"""

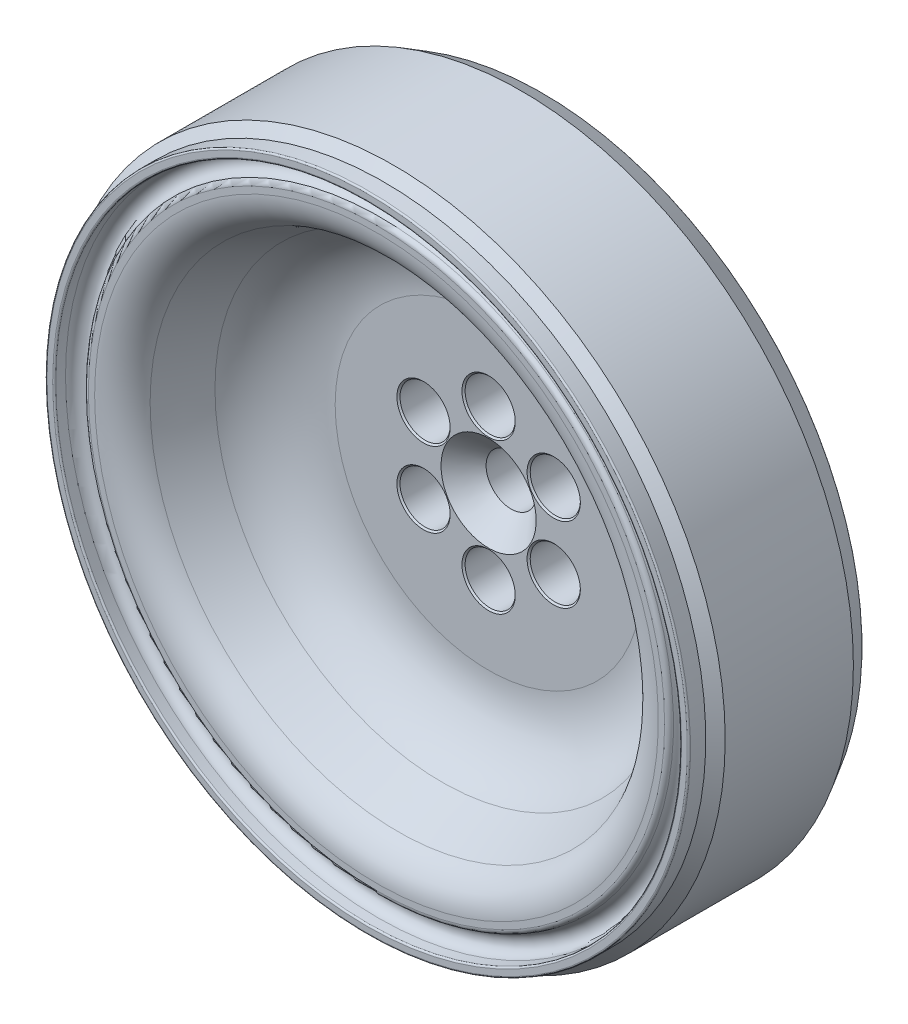
ISO-10303-21;
HEADER;
FILE_DESCRIPTION(('STEP AP214'),'2;1');
FILE_NAME('part.step','',(''),(''),'','','');
FILE_SCHEMA(('AUTOMOTIVE_DESIGN { 1 0 10303 214 1 1 1 1 }'));
ENDSEC;
DATA;
#1=APPLICATION_CONTEXT('core data for automotive mechanical design processes');
#2=APPLICATION_PROTOCOL_DEFINITION('international standard','automotive_design',2000,#1);
#3=PRODUCT_CONTEXT('',#1,'mechanical');
#4=PRODUCT('Part','Part','',(#3));
#5=PRODUCT_RELATED_PRODUCT_CATEGORY('part','',(#4));
#6=PRODUCT_DEFINITION_FORMATION('','',#4);
#7=PRODUCT_DEFINITION_CONTEXT('part definition',#1,'design');
#8=PRODUCT_DEFINITION('design','',#6,#7);
#9=PRODUCT_DEFINITION_SHAPE('','',#8);
#10=(LENGTH_UNIT() NAMED_UNIT(*) SI_UNIT(.MILLI.,.METRE.));
#11=(NAMED_UNIT(*) PLANE_ANGLE_UNIT() SI_UNIT($,.RADIAN.));
#12=(NAMED_UNIT(*) SI_UNIT($,.STERADIAN.) SOLID_ANGLE_UNIT());
#13=UNCERTAINTY_MEASURE_WITH_UNIT(LENGTH_MEASURE(1.E-05),#10,'distance_accuracy_value','');
#14=(GEOMETRIC_REPRESENTATION_CONTEXT(3) GLOBAL_UNCERTAINTY_ASSIGNED_CONTEXT((#13)) GLOBAL_UNIT_ASSIGNED_CONTEXT((#10,
#11,#12)) REPRESENTATION_CONTEXT('',''));
#15=CARTESIAN_POINT('',(0.,0.,0.));
#16=DIRECTION('',(0.,0.,1.));
#17=DIRECTION('',(1.,0.,0.));
#18=AXIS2_PLACEMENT_3D('',#15,#16,#17);
#19=CARTESIAN_POINT('',(0.,0.,34.25));
#20=DIRECTION('',(0.,0.,-1.));
#21=DIRECTION('',(-1.,0.,0.));
#22=AXIS2_PLACEMENT_3D('',#19,#20,#21);
#23=TOROIDAL_SURFACE('',#22,46.0026610811389,0.799999999999995);
#24=CARTESIAN_POINT('',(0.,0.,35.05));
#25=DIRECTION('',(0.,0.,-1.));
#26=DIRECTION('',(-1.,0.,0.));
#27=AXIS2_PLACEMENT_3D('',#24,#25,#26);
#28=CIRCLE('',#27,46.0026610811389);
#29=CARTESIAN_POINT('',(-46.0026610811389,0.,35.05));
#30=VERTEX_POINT('',#29);
#31=EDGE_CURVE('E159',#30,#30,#28,.T.);
#32=ORIENTED_EDGE('',*,*,#31,.T.);
#33=EDGE_LOOP('',(#32));
#34=FACE_BOUND('',#33,.T.);
#35=CARTESIAN_POINT('',(0.,0.,34.4166666666667));
#36=DIRECTION('',(0.,0.,-1.));
#37=DIRECTION('',(-1.,0.,0.));
#38=AXIS2_PLACEMENT_3D('',#35,#36,#37);
#39=CIRCLE('',#38,46.7851073874259);
#40=CARTESIAN_POINT('',(-46.7851073874259,0.,34.4166666666667));
#41=VERTEX_POINT('',#40);
#42=EDGE_CURVE('E234',#41,#41,#39,.T.);
#43=ORIENTED_EDGE('',*,*,#42,.F.);
#44=EDGE_LOOP('',(#43));
#45=FACE_BOUND('',#44,.T.);
#46=ADVANCED_FACE('F47',(#34,#45),#23,.T.);
#47=CARTESIAN_POINT('',(0.,0.,34.75));
#48=DIRECTION('',(0.,0.,-1.));
#49=DIRECTION('',(-1.,0.,0.));
#50=AXIS2_PLACEMENT_3D('',#47,#48,#49);
#51=TOROIDAL_SURFACE('',#50,48.35,1.60000000000001);
#52=ORIENTED_EDGE('',*,*,#42,.T.);
#53=EDGE_LOOP('',(#52));
#54=FACE_BOUND('',#53,.T.);
#55=CARTESIAN_POINT('',(0.,0.,34.75));
#56=DIRECTION('',(0.,0.,-1.));
#57=DIRECTION('',(-1.,0.,0.));
#58=AXIS2_PLACEMENT_3D('',#55,#56,#57);
#59=CIRCLE('',#58,49.95);
#60=CARTESIAN_POINT('',(-49.95,0.,34.75));
#61=VERTEX_POINT('',#60);
#62=EDGE_CURVE('E231',#61,#61,#59,.T.);
#63=ORIENTED_EDGE('',*,*,#62,.F.);
#64=EDGE_LOOP('',(#63));
#65=FACE_BOUND('',#64,.T.);
#66=ADVANCED_FACE('F249',(#54,#65),#51,.F.);
#67=CARTESIAN_POINT('',(0.,0.,0.));
#68=DIRECTION('',(0.,0.,-1.));
#69=DIRECTION('',(-1.,0.,0.));
#70=AXIS2_PLACEMENT_3D('',#67,#68,#69);
#71=CYLINDRICAL_SURFACE('',#70,49.95);
#72=ORIENTED_EDGE('',*,*,#62,.T.);
#73=EDGE_LOOP('',(#72));
#74=FACE_BOUND('',#73,.T.);
#75=CARTESIAN_POINT('',(0.,0.,36.3));
#76=DIRECTION('',(0.,0.,-1.));
#77=DIRECTION('',(-1.,0.,0.));
#78=AXIS2_PLACEMENT_3D('',#75,#76,#77);
#79=CIRCLE('',#78,49.95);
#80=CARTESIAN_POINT('',(-49.95,0.,36.3));
#81=VERTEX_POINT('',#80);
#82=EDGE_CURVE('E228',#81,#81,#79,.T.);
#83=ORIENTED_EDGE('',*,*,#82,.F.);
#84=EDGE_LOOP('',(#83));
#85=FACE_BOUND('',#84,.T.);
#86=ADVANCED_FACE('F254',(#74,#85),#71,.F.);
#87=CARTESIAN_POINT('',(0.,0.,36.3));
#88=DIRECTION('',(0.,0.,-1.));
#89=DIRECTION('',(-1.,0.,0.));
#90=AXIS2_PLACEMENT_3D('',#87,#88,#89);
#91=TOROIDAL_SURFACE('',#90,50.2,0.25);
#92=ORIENTED_EDGE('',*,*,#82,.T.);
#93=EDGE_LOOP('',(#92));
#94=FACE_BOUND('',#93,.T.);
#95=CARTESIAN_POINT('',(0.,0.,36.55));
#96=DIRECTION('',(0.,0.,-1.));
#97=DIRECTION('',(-1.,0.,0.));
#98=AXIS2_PLACEMENT_3D('',#95,#96,#97);
#99=CIRCLE('',#98,50.2);
#100=CARTESIAN_POINT('',(-50.2,0.,36.55));
#101=VERTEX_POINT('',#100);
#102=EDGE_CURVE('E225',#101,#101,#99,.T.);
#103=ORIENTED_EDGE('',*,*,#102,.F.);
#104=EDGE_LOOP('',(#103));
#105=FACE_BOUND('',#104,.T.);
#106=ADVANCED_FACE('F261',(#94,#105),#91,.T.);
#107=CARTESIAN_POINT('',(0.,51.125,36.55));
#108=DIRECTION('',(0.,0.,1.));
#109=DIRECTION('',(1.,0.,0.));
#110=AXIS2_PLACEMENT_3D('',#107,#108,#109);
#111=PLANE('',#110);
#112=ORIENTED_EDGE('',*,*,#102,.T.);
#113=EDGE_LOOP('',(#112));
#114=FACE_BOUND('',#113,.T.);
#115=CARTESIAN_POINT('',(0.,0.,36.55));
#116=DIRECTION('',(0.,0.,-1.));
#117=DIRECTION('',(-1.,0.,0.));
#118=AXIS2_PLACEMENT_3D('',#115,#116,#117);
#119=CIRCLE('',#118,51.125);
#120=CARTESIAN_POINT('',(-51.125,0.,36.55));
#121=VERTEX_POINT('',#120);
#122=EDGE_CURVE('E222',#121,#121,#119,.T.);
#123=ORIENTED_EDGE('',*,*,#122,.F.);
#124=EDGE_LOOP('',(#123));
#125=FACE_BOUND('',#124,.T.);
#126=ADVANCED_FACE('F265',(#114,#125),#111,.T.);
#127=CARTESIAN_POINT('',(0.,0.,36.3));
#128=DIRECTION('',(0.,0.,-1.));
#129=DIRECTION('',(-1.,0.,0.));
#130=AXIS2_PLACEMENT_3D('',#127,#128,#129);
#131=TOROIDAL_SURFACE('',#130,51.125,0.25);
#132=ORIENTED_EDGE('',*,*,#122,.T.);
#133=EDGE_LOOP('',(#132));
#134=FACE_BOUND('',#133,.T.);
#135=CARTESIAN_POINT('',(0.,0.,36.3));
#136=DIRECTION('',(0.,0.,-1.));
#137=DIRECTION('',(-1.,0.,0.));
#138=AXIS2_PLACEMENT_3D('',#135,#136,#137);
#139=CIRCLE('',#138,51.375);
#140=CARTESIAN_POINT('',(-51.375,0.,36.3));
#141=VERTEX_POINT('',#140);
#142=EDGE_CURVE('E219',#141,#141,#139,.T.);
#143=ORIENTED_EDGE('',*,*,#142,.F.);
#144=EDGE_LOOP('',(#143));
#145=FACE_BOUND('',#144,.T.);
#146=ADVANCED_FACE('F269',(#134,#145),#131,.T.);
#147=CARTESIAN_POINT('',(0.,0.,0.));
#148=DIRECTION('',(0.,0.,-1.));
#149=DIRECTION('',(-1.,0.,0.));
#150=AXIS2_PLACEMENT_3D('',#147,#148,#149);
#151=CYLINDRICAL_SURFACE('',#150,51.375);
#152=ORIENTED_EDGE('',*,*,#142,.T.);
#153=EDGE_LOOP('',(#152));
#154=FACE_BOUND('',#153,.T.);
#155=CARTESIAN_POINT('',(0.,0.,33.85));
#156=DIRECTION('',(0.,0.,-1.));
#157=DIRECTION('',(-1.,0.,0.));
#158=AXIS2_PLACEMENT_3D('',#155,#156,#157);
#159=CIRCLE('',#158,51.375);
#160=CARTESIAN_POINT('',(-51.375,0.,33.85));
#161=VERTEX_POINT('',#160);
#162=EDGE_CURVE('E216',#161,#161,#159,.T.);
#163=ORIENTED_EDGE('',*,*,#162,.F.);
#164=EDGE_LOOP('',(#163));
#165=FACE_BOUND('',#164,.T.);
#166=ADVANCED_FACE('F273',(#154,#165),#151,.T.);
#167=CARTESIAN_POINT('',(0.,0.,32.3));
#168=DIRECTION('',(0.,0.,-1.));
#169=DIRECTION('',(-1.,0.,0.));
#170=AXIS2_PLACEMENT_3D('',#167,#168,#169);
#171=CONICAL_SURFACE('',#170,52.925,0.785398163397453);
#172=ORIENTED_EDGE('',*,*,#162,.T.);
#173=EDGE_LOOP('',(#172));
#174=FACE_BOUND('',#173,.T.);
#175=CARTESIAN_POINT('',(0.,0.,32.3));
#176=DIRECTION('',(0.,0.,-1.));
#177=DIRECTION('',(-1.,0.,0.));
#178=AXIS2_PLACEMENT_3D('',#175,#176,#177);
#179=CIRCLE('',#178,52.925);
#180=CARTESIAN_POINT('',(-52.925,0.,32.3));
#181=VERTEX_POINT('',#180);
#182=EDGE_CURVE('E213',#181,#181,#179,.T.);
#183=ORIENTED_EDGE('',*,*,#182,.F.);
#184=EDGE_LOOP('',(#183));
#185=FACE_BOUND('',#184,.T.);
#186=ADVANCED_FACE('F277',(#174,#185),#171,.T.);
#187=CARTESIAN_POINT('',(0.,0.,0.));
#188=DIRECTION('',(0.,0.,-1.));
#189=DIRECTION('',(-1.,0.,0.));
#190=AXIS2_PLACEMENT_3D('',#187,#188,#189);
#191=CYLINDRICAL_SURFACE('',#190,52.925);
#192=ORIENTED_EDGE('',*,*,#182,.T.);
#193=EDGE_LOOP('',(#192));
#194=FACE_BOUND('',#193,.T.);
#195=CARTESIAN_POINT('',(0.,0.,11.8341978045701));
#196=DIRECTION('',(0.,0.,-1.));
#197=DIRECTION('',(-1.,0.,0.));
#198=AXIS2_PLACEMENT_3D('',#195,#196,#197);
#199=CIRCLE('',#198,52.925);
#200=CARTESIAN_POINT('',(-52.925,0.,11.8341978045701));
#201=VERTEX_POINT('',#200);
#202=EDGE_CURVE('E210',#201,#201,#199,.T.);
#203=ORIENTED_EDGE('',*,*,#202,.F.);
#204=EDGE_LOOP('',(#203));
#205=FACE_BOUND('',#204,.T.);
#206=ADVANCED_FACE('F281',(#194,#205),#191,.T.);
#207=CARTESIAN_POINT('',(0.,0.,8.5));
#208=DIRECTION('',(0.,0.,1.));
#209=DIRECTION('',(1.,0.,0.));
#210=AXIS2_PLACEMENT_3D('',#207,#208,#209);
#211=CONICAL_SURFACE('',#210,51.,0.5235987755983);
#212=CARTESIAN_POINT('',(0.,0.,8.62499999999999));
#213=DIRECTION('',(0.,0.,-1.));
#214=DIRECTION('',(-1.,0.,0.));
#215=AXIS2_PLACEMENT_3D('',#212,#213,#214);
#216=CIRCLE('',#215,51.0721687836487);
#217=CARTESIAN_POINT('',(-51.0721687836487,0.,8.62499999999999));
#218=VERTEX_POINT('',#217);
#219=EDGE_CURVE('E11',#218,#218,#216,.F.);
#220=ORIENTED_EDGE('',*,*,#219,.T.);
#221=EDGE_LOOP('',(#220));
#222=FACE_BOUND('',#221,.T.);
#223=ORIENTED_EDGE('',*,*,#202,.T.);
#224=EDGE_LOOP('',(#223));
#225=FACE_BOUND('',#224,.T.);
#226=ADVANCED_FACE('F285',(#222,#225),#211,.T.);
#227=CARTESIAN_POINT('',(0.,37.,8.5));
#228=DIRECTION('',(0.,0.,-1.));
#229=DIRECTION('',(-1.,0.,0.));
#230=AXIS2_PLACEMENT_3D('',#227,#228,#229);
#231=PLANE('',#230);
#232=CARTESIAN_POINT('',(0.,0.,8.5));
#233=DIRECTION('',(0.,0.,-1.));
#234=DIRECTION('',(-1.,0.,0.));
#235=AXIS2_PLACEMENT_3D('',#232,#233,#234);
#236=CIRCLE('',#235,50.8556624327026);
#237=CARTESIAN_POINT('',(-50.8556624327026,0.,8.5));
#238=VERTEX_POINT('',#237);
#239=EDGE_CURVE('E55',#238,#238,#236,.T.);
#240=ORIENTED_EDGE('',*,*,#239,.T.);
#241=EDGE_LOOP('',(#240));
#242=FACE_BOUND('',#241,.T.);
#243=CARTESIAN_POINT('',(-3.14233320495882E-13,-45.,8.5));
#244=DIRECTION('',(0.,0.,-1.));
#245=DIRECTION('',(-1.,0.,0.));
#246=AXIS2_PLACEMENT_3D('',#243,#244,#245);
#247=CIRCLE('',#246,4.5);
#248=CARTESIAN_POINT('',(-4.50000000000031,-45.,8.5));
#249=VERTEX_POINT('',#248);
#250=EDGE_CURVE('E73',#249,#249,#247,.T.);
#251=ORIENTED_EDGE('',*,*,#250,.F.);
#252=EDGE_LOOP('',(#251));
#253=FACE_BOUND('',#252,.T.);
#254=CARTESIAN_POINT('',(0.,45.,8.5));
#255=DIRECTION('',(0.,0.,-1.));
#256=DIRECTION('',(-1.,0.,0.));
#257=AXIS2_PLACEMENT_3D('',#254,#255,#256);
#258=CIRCLE('',#257,4.5);
#259=CARTESIAN_POINT('',(-4.5,45.,8.5));
#260=VERTEX_POINT('',#259);
#261=EDGE_CURVE('E84',#260,#260,#258,.T.);
#262=ORIENTED_EDGE('',*,*,#261,.F.);
#263=EDGE_LOOP('',(#262));
#264=FACE_BOUND('',#263,.T.);
#265=CARTESIAN_POINT('',(0.,0.,8.5));
#266=DIRECTION('',(0.,0.,-1.));
#267=DIRECTION('',(-1.,0.,0.));
#268=AXIS2_PLACEMENT_3D('',#265,#266,#267);
#269=CIRCLE('',#268,37.);
#270=CARTESIAN_POINT('',(-37.,0.,8.5));
#271=VERTEX_POINT('',#270);
#272=EDGE_CURVE('E207',#271,#271,#269,.T.);
#273=ORIENTED_EDGE('',*,*,#272,.F.);
#274=EDGE_LOOP('',(#273));
#275=FACE_BOUND('',#274,.T.);
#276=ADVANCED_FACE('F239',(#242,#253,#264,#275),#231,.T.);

"""

Task objective: Please repeat exactly the data above from its first line to the line that contains "#9=PRODUCT_DEFINITION_SHAPE('','',#8);", inclusive, and leave every picture out.

Task answer:
ISO-10303-21;
HEADER;
FILE_DESCRIPTION(('STEP AP214'),'2;1');
FILE_NAME('part.step','',(''),(''),'','','');
FILE_SCHEMA(('AUTOMOTIVE_DESIGN { 1 0 10303 214 1 1 1 1 }'));
ENDSEC;
DATA;
#1=APPLICATION_CONTEXT('core data for automotive mechanical design processes');
#2=APPLICATION_PROTOCOL_DEFINITION('international standard','automotive_design',2000,#1);
#3=PRODUCT_CONTEXT('',#1,'mechanical');
#4=PRODUCT('Part','Part','',(#3));
#5=PRODUCT_RELATED_PRODUCT_CATEGORY('part','',(#4));
#6=PRODUCT_DEFINITION_FORMATION('','',#4);
#7=PRODUCT_DEFINITION_CONTEXT('part definition',#1,'design');
#8=PRODUCT_DEFINITION('design','',#6,#7);
#9=PRODUCT_DEFINITION_SHAPE('','',#8);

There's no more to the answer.